* [Activity]:
Take every line from the listing below that contains "mechanical".

* [Material supplied]:
------------------------------

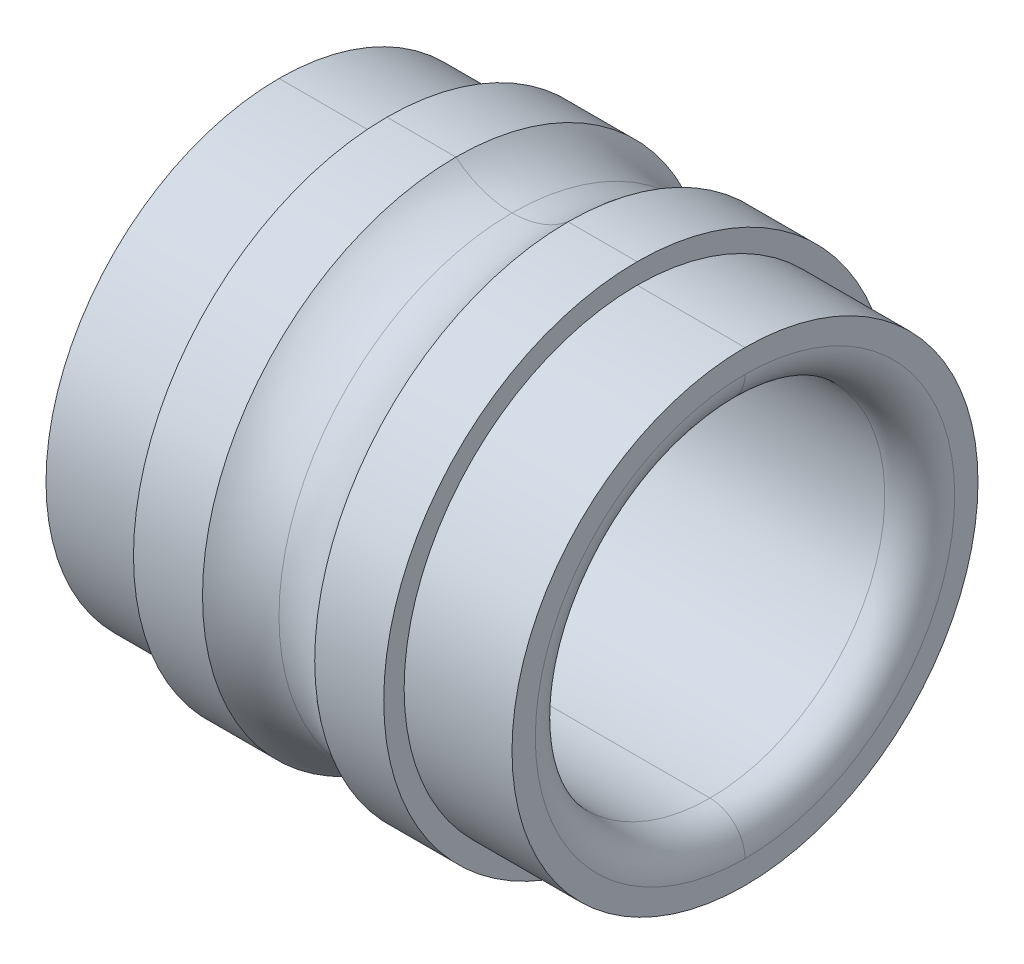
ISO-10303-21;
HEADER;
FILE_DESCRIPTION(('STEP AP214'),'2;1');
FILE_NAME('part.step','',(''),(''),'','','');
FILE_SCHEMA(('AUTOMOTIVE_DESIGN { 1 0 10303 214 1 1 1 1 }'));
ENDSEC;
DATA;
#1=APPLICATION_CONTEXT('core data for automotive mechanical design processes');
#2=APPLICATION_PROTOCOL_DEFINITION('international standard','automotive_design',2000,#1);
#3=PRODUCT_CONTEXT('',#1,'mechanical');
#4=PRODUCT('Part','Part','',(#3));
#5=PRODUCT_RELATED_PRODUCT_CATEGORY('part','',(#4));
#6=PRODUCT_DEFINITION_FORMATION('','',#4);
#7=PRODUCT_DEFINITION_CONTEXT('part definition',#1,'design');
#8=PRODUCT_DEFINITION('design','',#6,#7);
#9=PRODUCT_DEFINITION_SHAPE('','',#8);
#10=(LENGTH_UNIT() NAMED_UNIT(*) SI_UNIT(.MILLI.,.METRE.));
#11=(NAMED_UNIT(*) PLANE_ANGLE_UNIT() SI_UNIT($,.RADIAN.));
#12=(NAMED_UNIT(*) SI_UNIT($,.STERADIAN.) SOLID_ANGLE_UNIT());
#13=UNCERTAINTY_MEASURE_WITH_UNIT(LENGTH_MEASURE(1.E-05),#10,'distance_accuracy_value','');
#14=(GEOMETRIC_REPRESENTATION_CONTEXT(3) GLOBAL_UNCERTAINTY_ASSIGNED_CONTEXT((#13)) GLOBAL_UNIT_ASSIGNED_CONTEXT((#10,
#11,#12)) REPRESENTATION_CONTEXT('',''));
#15=CARTESIAN_POINT('',(0.,0.,0.));
#16=DIRECTION('',(0.,0.,1.));
#17=DIRECTION('',(1.,0.,0.));
#18=AXIS2_PLACEMENT_3D('',#15,#16,#17);
#19=CARTESIAN_POINT('',(2.,0.,0.));
#20=DIRECTION('',(1.,0.,0.));
#21=DIRECTION('',(0.,1.,0.));
#22=AXIS2_PLACEMENT_3D('',#19,#20,#21);
#23=PLANE('',#22);
#24=CARTESIAN_POINT('',(2.,0.,0.));
#25=DIRECTION('',(1.,0.,0.));
#26=DIRECTION('',(0.,-1.,0.));
#27=AXIS2_PLACEMENT_3D('',#24,#25,#26);
#28=CIRCLE('',#27,1.8);
#29=CARTESIAN_POINT('',(2.,1.8,0.));
#30=VERTEX_POINT('',#29);
#31=CARTESIAN_POINT('',(2.,-1.8,0.));
#32=VERTEX_POINT('',#31);
#33=EDGE_CURVE('E203',#30,#32,#28,.T.);
#34=ORIENTED_EDGE('',*,*,#33,.F.);
#35=CARTESIAN_POINT('',(2.,0.,0.));
#36=DIRECTION('',(1.,0.,0.));
#37=DIRECTION('',(0.,-1.,0.));
#38=AXIS2_PLACEMENT_3D('',#35,#36,#37);
#39=CIRCLE('',#38,1.8);
#40=EDGE_CURVE('E253',#32,#30,#39,.T.);
#41=ORIENTED_EDGE('',*,*,#40,.F.);
#42=EDGE_LOOP('',(#34,#41));
#43=FACE_BOUND('',#42,.T.);
#44=CARTESIAN_POINT('',(2.,0.,0.));
#45=DIRECTION('',(1.,0.,0.));
#46=DIRECTION('',(0.,1.,0.));
#47=AXIS2_PLACEMENT_3D('',#44,#45,#46);
#48=CIRCLE('',#47,2.);
#49=CARTESIAN_POINT('',(2.,2.,0.));
#50=VERTEX_POINT('',#49);
#51=CARTESIAN_POINT('',(2.,-2.,0.));
#52=VERTEX_POINT('',#51);
#53=EDGE_CURVE('E204',#50,#52,#48,.T.);
#54=ORIENTED_EDGE('',*,*,#53,.T.);
#55=CARTESIAN_POINT('',(2.,0.,0.));
#56=DIRECTION('',(1.,0.,0.));
#57=DIRECTION('',(0.,1.,0.));
#58=AXIS2_PLACEMENT_3D('',#55,#56,#57);
#59=CIRCLE('',#58,2.);
#60=EDGE_CURVE('E11',#52,#50,#59,.T.);
#61=ORIENTED_EDGE('',*,*,#60,.T.);
#62=EDGE_LOOP('',(#54,#61));
#63=FACE_BOUND('',#62,.T.);
#64=ADVANCED_FACE('F17',(#43,#63),#23,.T.);
#65=CARTESIAN_POINT('',(-2.,0.,0.));
#66=DIRECTION('',(1.,0.,0.));
#67=DIRECTION('',(0.,1.,0.));
#68=AXIS2_PLACEMENT_3D('',#65,#66,#67);
#69=CYLINDRICAL_SURFACE('',#68,2.175);
#70=DIRECTION('',(1.,0.,0.));
#71=VECTOR('',#70,1.);
#72=CARTESIAN_POINT('',(-2.,-2.175,0.));
#73=LINE('',#72,#71);
#74=CARTESIAN_POINT('',(0.481534007106446,-2.175,0.));
#75=VERTEX_POINT('',#74);
#76=CARTESIAN_POINT('',(1.07407407407409,-2.175,0.));
#77=VERTEX_POINT('',#76);
#78=EDGE_CURVE('E165',#75,#77,#73,.T.);
#79=ORIENTED_EDGE('',*,*,#78,.F.);
#80=CARTESIAN_POINT('',(0.481534007106446,0.,0.));
#81=DIRECTION('',(1.,0.,0.));
#82=DIRECTION('',(0.,1.,0.));
#83=AXIS2_PLACEMENT_3D('',#80,#81,#82);
#84=CIRCLE('',#83,2.175);
#85=CARTESIAN_POINT('',(0.481534007106446,2.175,0.));
#86=VERTEX_POINT('',#85);
#87=EDGE_CURVE('E163',#75,#86,#84,.T.);
#88=ORIENTED_EDGE('',*,*,#87,.T.);
#89=DIRECTION('',(1.,0.,0.));
#90=VECTOR('',#89,1.);
#91=CARTESIAN_POINT('',(-2.,2.175,0.));
#92=LINE('',#91,#90);
#93=CARTESIAN_POINT('',(1.07407407407409,2.175,0.));
#94=VERTEX_POINT('',#93);
#95=EDGE_CURVE('E149',#86,#94,#92,.T.);
#96=ORIENTED_EDGE('',*,*,#95,.T.);
#97=CARTESIAN_POINT('',(1.07407407407409,0.,0.));
#98=DIRECTION('',(-1.,0.,0.));
#99=DIRECTION('',(0.,1.,0.));
#100=AXIS2_PLACEMENT_3D('',#97,#98,#99);
#101=CIRCLE('',#100,2.175);
#102=EDGE_CURVE('E263',#94,#77,#101,.T.);
#103=ORIENTED_EDGE('',*,*,#102,.T.);
#104=EDGE_LOOP('',(#79,#88,#96,#103));
#105=FACE_BOUND('',#104,.T.);
#106=ADVANCED_FACE('F164',(#105),#69,.T.);
#107=CARTESIAN_POINT('',(2.,0.,0.));
#108=DIRECTION('',(1.,0.,0.));
#109=DIRECTION('',(0.,1.,0.));
#110=AXIS2_PLACEMENT_3D('',#107,#108,#109);
#111=CYLINDRICAL_SURFACE('',#110,2.);
#112=DIRECTION('',(1.,0.,0.));
#113=VECTOR('',#112,1.);
#114=CARTESIAN_POINT('',(2.,-2.,0.));
#115=LINE('',#114,#113);
#116=CARTESIAN_POINT('',(1.07407407407409,-2.,0.));
#117=VERTEX_POINT('',#116);
#118=EDGE_CURVE('E219',#117,#52,#115,.T.);
#119=ORIENTED_EDGE('',*,*,#118,.F.);
#120=CARTESIAN_POINT('',(1.07407407407409,0.,0.));
#121=DIRECTION('',(1.,0.,0.));
#122=DIRECTION('',(0.,1.,0.));
#123=AXIS2_PLACEMENT_3D('',#120,#121,#122);
#124=CIRCLE('',#123,2.);
#125=CARTESIAN_POINT('',(1.07407407407409,2.,0.));
#126=VERTEX_POINT('',#125);
#127=EDGE_CURVE('E28',#117,#126,#124,.T.);
#128=ORIENTED_EDGE('',*,*,#127,.T.);
#129=DIRECTION('',(1.,0.,0.));
#130=VECTOR('',#129,1.);
#131=CARTESIAN_POINT('',(2.,2.,0.));
#132=LINE('',#131,#130);
#133=EDGE_CURVE('E200',#126,#50,#132,.T.);
#134=ORIENTED_EDGE('',*,*,#133,.T.);
#135=ORIENTED_EDGE('',*,*,#60,.F.);
#136=EDGE_LOOP('',(#119,#128,#134,#135));
#137=FACE_BOUND('',#136,.T.);
#138=ADVANCED_FACE('F564',(#137),#111,.T.);
#139=CARTESIAN_POINT('',(1.07407407407409,0.,0.));
#140=DIRECTION('',(-1.,0.,0.));
#141=DIRECTION('',(0.,0.,1.));
#142=AXIS2_PLACEMENT_3D('',#139,#140,#141);
#143=PLANE('',#142);
#144=CARTESIAN_POINT('',(1.07407407407409,0.,0.));
#145=DIRECTION('',(1.,0.,0.));
#146=DIRECTION('',(0.,1.,0.));
#147=AXIS2_PLACEMENT_3D('',#144,#145,#146);
#148=CIRCLE('',#147,2.);
#149=EDGE_CURVE('E160',#126,#117,#148,.T.);
#150=ORIENTED_EDGE('',*,*,#149,.F.);
#151=ORIENTED_EDGE('',*,*,#127,.F.);
#152=EDGE_LOOP('',(#150,#151));
#153=FACE_BOUND('',#152,.T.);
#154=ORIENTED_EDGE('',*,*,#102,.F.);
#155=CARTESIAN_POINT('',(1.07407407407409,0.,0.));
#156=DIRECTION('',(-1.,0.,0.));
#157=DIRECTION('',(0.,1.,0.));
#158=AXIS2_PLACEMENT_3D('',#155,#156,#157);
#159=CIRCLE('',#158,2.175);
#160=EDGE_CURVE('E157',#77,#94,#159,.T.);
#161=ORIENTED_EDGE('',*,*,#160,.F.);
#162=EDGE_LOOP('',(#154,#161));
#163=FACE_BOUND('',#162,.T.);
#164=ADVANCED_FACE('F553',(#153,#163),#143,.F.);
#165=CARTESIAN_POINT('',(1.7,0.,0.));
#166=DIRECTION('',(1.,0.,0.));
#167=DIRECTION('',(0.,1.,0.));
#168=AXIS2_PLACEMENT_3D('',#165,#166,#167);
#169=TOROIDAL_SURFACE('',#168,1.8,0.3);
#170=CARTESIAN_POINT('',(1.7,-1.8,0.));
#171=DIRECTION('',(0.,0.,1.));
#172=DIRECTION('',(0.,-1.,0.));
#173=AXIS2_PLACEMENT_3D('',#170,#171,#172);
#174=CIRCLE('',#173,0.3);
#175=CARTESIAN_POINT('',(1.7,-1.5,0.));
#176=VERTEX_POINT('',#175);
#177=EDGE_CURVE('E215',#32,#176,#174,.T.);
#178=ORIENTED_EDGE('',*,*,#177,.F.);
#179=ORIENTED_EDGE('',*,*,#40,.T.);
#180=CARTESIAN_POINT('',(1.7,1.8,0.));
#181=DIRECTION('',(0.,0.,-1.));
#182=DIRECTION('',(-1.,0.,0.));
#183=AXIS2_PLACEMENT_3D('',#180,#181,#182);
#184=CIRCLE('',#183,0.3);
#185=CARTESIAN_POINT('',(1.7,1.5,0.));
#186=VERTEX_POINT('',#185);
#187=EDGE_CURVE('E214',#30,#186,#184,.T.);
#188=ORIENTED_EDGE('',*,*,#187,.T.);
#189=CARTESIAN_POINT('',(1.7,0.,0.));
#190=DIRECTION('',(1.,0.,0.));
#191=DIRECTION('',(0.,-1.,0.));
#192=AXIS2_PLACEMENT_3D('',#189,#190,#191);
#193=CIRCLE('',#192,1.5);
#194=EDGE_CURVE('E208',#176,#186,#193,.T.);
#195=ORIENTED_EDGE('',*,*,#194,.F.);
#196=EDGE_LOOP('',(#178,#179,#188,#195));
#197=FACE_BOUND('',#196,.T.);
#198=ADVANCED_FACE('F541',(#197),#169,.T.);
#199=CARTESIAN_POINT('',(0.,0.,0.));
#200=DIRECTION('',(1.,0.,0.));
#201=DIRECTION('',(0.,1.,0.));
#202=AXIS2_PLACEMENT_3D('',#199,#200,#201);
#203=TOROIDAL_SURFACE('',#202,2.75,0.75);
#204=CARTESIAN_POINT('',(0.,0.,0.));
#205=DIRECTION('',(1.,0.,0.));
#206=DIRECTION('',(0.,0.,-1.));
#207=AXIS2_PLACEMENT_3D('',#204,#205,#206);
#208=CIRCLE('',#207,2.);
#209=CARTESIAN_POINT('',(0.,2.,0.));
#210=VERTEX_POINT('',#209);
#211=CARTESIAN_POINT('',(0.,-2.,0.));
#212=VERTEX_POINT('',#211);
#213=EDGE_CURVE('E185',#210,#212,#208,.T.);
#214=ORIENTED_EDGE('',*,*,#213,.F.);
#215=CARTESIAN_POINT('',(0.,2.75,0.));
#216=DIRECTION('',(0.,0.,-1.));
#217=DIRECTION('',(-1.,0.,0.));
#218=AXIS2_PLACEMENT_3D('',#215,#216,#217);
#219=CIRCLE('',#218,0.75);
#220=CARTESIAN_POINT('',(-0.481534007106446,2.175,0.));
#221=VERTEX_POINT('',#220);
#222=EDGE_CURVE('E199',#210,#221,#219,.T.);
#223=ORIENTED_EDGE('',*,*,#222,.T.);
#224=CARTESIAN_POINT('',(-0.481534007106446,0.,0.));
#225=DIRECTION('',(-1.,0.,0.));
#226=DIRECTION('',(0.,1.,0.));
#227=AXIS2_PLACEMENT_3D('',#224,#225,#226);
#228=CIRCLE('',#227,2.175);
#229=CARTESIAN_POINT('',(-0.481534007106446,-2.175,0.));
#230=VERTEX_POINT('',#229);
#231=EDGE_CURVE('E270',#230,#221,#228,.T.);
#232=ORIENTED_EDGE('',*,*,#231,.F.);
#233=CARTESIAN_POINT('',(0.,-2.75,0.));
#234=DIRECTION('',(0.,0.,1.));
#235=DIRECTION('',(0.,-1.,0.));
#236=AXIS2_PLACEMENT_3D('',#233,#234,#235);
#237=CIRCLE('',#236,0.75);
#238=EDGE_CURVE('E232',#212,#230,#237,.T.);
#239=ORIENTED_EDGE('',*,*,#238,.F.);
#240=EDGE_LOOP('',(#214,#223,#232,#239));
#241=FACE_BOUND('',#240,.T.);
#242=ADVANCED_FACE('F530',(#241),#203,.F.);
#243=CARTESIAN_POINT('',(2.,0.,0.));
#244=DIRECTION('',(1.,0.,0.));
#245=DIRECTION('',(0.,1.,0.));
#246=AXIS2_PLACEMENT_3D('',#243,#244,#245);
#247=CYLINDRICAL_SURFACE('',#246,1.5);
#248=DIRECTION('',(1.,0.,0.));
#249=VECTOR('',#248,1.);
#250=CARTESIAN_POINT('',(2.,-1.5,0.));
#251=LINE('',#250,#249);
#252=CARTESIAN_POINT('',(-1.7,-1.5,0.));
#253=VERTEX_POINT('',#252);
#254=EDGE_CURVE('E198',#253,#176,#251,.T.);
#255=ORIENTED_EDGE('',*,*,#254,.F.);
#256=CARTESIAN_POINT('',(-1.7,0.,0.));
#257=DIRECTION('',(1.,0.,0.));
#258=DIRECTION('',(0.,-1.,0.));
#259=AXIS2_PLACEMENT_3D('',#256,#257,#258);
#260=CIRCLE('',#259,1.5);
#261=CARTESIAN_POINT('',(-1.7,1.5,0.));
#262=VERTEX_POINT('',#261);
#263=EDGE_CURVE('E789',#262,#253,#260,.T.);
#264=ORIENTED_EDGE('',*,*,#263,.F.);
#265=DIRECTION('',(1.,0.,0.));
#266=VECTOR('',#265,1.);
#267=CARTESIAN_POINT('',(2.,1.5,0.));
#268=LINE('',#267,#266);
#269=EDGE_CURVE('E205',#262,#186,#268,.T.);
#270=ORIENTED_EDGE('',*,*,#269,.T.);
#271=CARTESIAN_POINT('',(1.7,0.,0.));
#272=DIRECTION('',(1.,0.,0.));
#273=DIRECTION('',(0.,-1.,0.));
#274=AXIS2_PLACEMENT_3D('',#271,#272,#273);
#275=CIRCLE('',#274,1.5);
#276=EDGE_CURVE('E210',#186,#176,#275,.T.);
#277=ORIENTED_EDGE('',*,*,#276,.T.);
#278=EDGE_LOOP('',(#255,#264,#270,#277));
#279=FACE_BOUND('',#278,.T.);
#280=ADVANCED_FACE('F519',(#279),#247,.F.);
#281=CARTESIAN_POINT('',(-2.,0.,0.));
#282=DIRECTION('',(1.,0.,0.));
#283=DIRECTION('',(0.,1.,0.));
#284=AXIS2_PLACEMENT_3D('',#281,#282,#283);
#285=CYLINDRICAL_SURFACE('',#284,2.175);
#286=DIRECTION('',(1.,0.,0.));
#287=VECTOR('',#286,1.);
#288=CARTESIAN_POINT('',(-2.,-2.175,0.));
#289=LINE('',#288,#287);
#290=CARTESIAN_POINT('',(-1.07407407407407,-2.175,0.));
#291=VERTEX_POINT('',#290);
#292=EDGE_CURVE('E228',#291,#230,#289,.T.);
#293=ORIENTED_EDGE('',*,*,#292,.F.);
#294=CARTESIAN_POINT('',(-1.07407407407407,0.,0.));
#295=DIRECTION('',(1.,0.,0.));
#296=DIRECTION('',(0.,1.,0.));
#297=AXIS2_PLACEMENT_3D('',#294,#295,#296);
#298=CIRCLE('',#297,2.175);
#299=CARTESIAN_POINT('',(-1.07407407407407,2.175,0.));
#300=VERTEX_POINT('',#299);
#301=EDGE_CURVE('E251',#291,#300,#298,.T.);
#302=ORIENTED_EDGE('',*,*,#301,.T.);
#303=DIRECTION('',(1.,0.,0.));
#304=VECTOR('',#303,1.);
#305=CARTESIAN_POINT('',(-2.,2.175,0.));
#306=LINE('',#305,#304);
#307=EDGE_CURVE('E777',#300,#221,#306,.T.);
#308=ORIENTED_EDGE('',*,*,#307,.T.);
#309=CARTESIAN_POINT('',(-0.481534007106446,0.,0.));
#310=DIRECTION('',(-1.,0.,0.));
#311=DIRECTION('',(0.,1.,0.));
#312=AXIS2_PLACEMENT_3D('',#309,#310,#311);
#313=CIRCLE('',#312,2.175);
#314=EDGE_CURVE('E235',#221,#230,#313,.T.);
#315=ORIENTED_EDGE('',*,*,#314,.T.);
#316=EDGE_LOOP('',(#293,#302,#308,#315));
#317=FACE_BOUND('',#316,.T.);
#318=ADVANCED_FACE('F508',(#317),#285,.T.);
#319=CARTESIAN_POINT('',(-1.7,0.,0.));
#320=DIRECTION('',(1.,0.,0.));
#321=DIRECTION('',(0.,1.,0.));
#322=AXIS2_PLACEMENT_3D('',#319,#320,#321);
#323=TOROIDAL_SURFACE('',#322,1.8,0.3);
#324=CARTESIAN_POINT('',(-1.7,-1.8,0.));
#325=DIRECTION('',(0.,0.,1.));
#326=DIRECTION('',(0.,-1.,0.));
#327=AXIS2_PLACEMENT_3D('',#324,#325,#326);
#328=CIRCLE('',#327,0.3);
#329=CARTESIAN_POINT('',(-2.,-1.8,0.));
#330=VERTEX_POINT('',#329);
#331=EDGE_CURVE('E793',#253,#330,#328,.T.);
#332=ORIENTED_EDGE('',*,*,#331,.F.);
#333=CARTESIAN_POINT('',(-1.7,0.,0.));
#334=DIRECTION('',(1.,0.,0.));
#335=DIRECTION('',(0.,-1.,0.));
#336=AXIS2_PLACEMENT_3D('',#333,#334,#335);
#337=CIRCLE('',#336,1.5);
#338=EDGE_CURVE('E194',#253,#262,#337,.T.);
#339=ORIENTED_EDGE('',*,*,#338,.T.);
#340=CARTESIAN_POINT('',(-1.7,1.8,0.));
#341=DIRECTION('',(0.,0.,-1.));
#342=DIRECTION('',(-1.,0.,0.));
#343=AXIS2_PLACEMENT_3D('',#340,#341,#342);
#344=CIRCLE('',#343,0.3);
#345=CARTESIAN_POINT('',(-2.,1.8,0.));
#346=VERTEX_POINT('',#345);
#347=EDGE_CURVE('E286',#262,#346,#344,.T.);
#348=ORIENTED_EDGE('',*,*,#347,.T.);
#349=CARTESIAN_POINT('',(-2.,0.,0.));
#350=DIRECTION('',(1.,0.,0.));
#351=DIRECTION('',(0.,-1.,0.));
#352=AXIS2_PLACEMENT_3D('',#349,#350,#351);
#353=CIRCLE('',#352,1.8);
#354=EDGE_CURVE('E254',#330,#346,#353,.T.);
#355=ORIENTED_EDGE('',*,*,#354,.F.);
#356=EDGE_LOOP('',(#332,#339,#348,#355));
#357=FACE_BOUND('',#356,.T.);
#358=ADVANCED_FACE('F499',(#357),#323,.T.);
#359=CARTESIAN_POINT('',(-1.07407407407407,0.,0.));
#360=DIRECTION('',(1.,0.,0.));
#361=DIRECTION('',(0.,1.,0.));
#362=AXIS2_PLACEMENT_3D('',#359,#360,#361);
#363=PLANE('',#362);
#364=CARTESIAN_POINT('',(-1.07407407407407,0.,0.));
#365=DIRECTION('',(1.,0.,0.));
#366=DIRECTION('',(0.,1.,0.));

------------------------------

* [Written reply]:
#1=APPLICATION_CONTEXT('core data for automotive mechanical design processes');
#3=PRODUCT_CONTEXT('',#1,'mechanical');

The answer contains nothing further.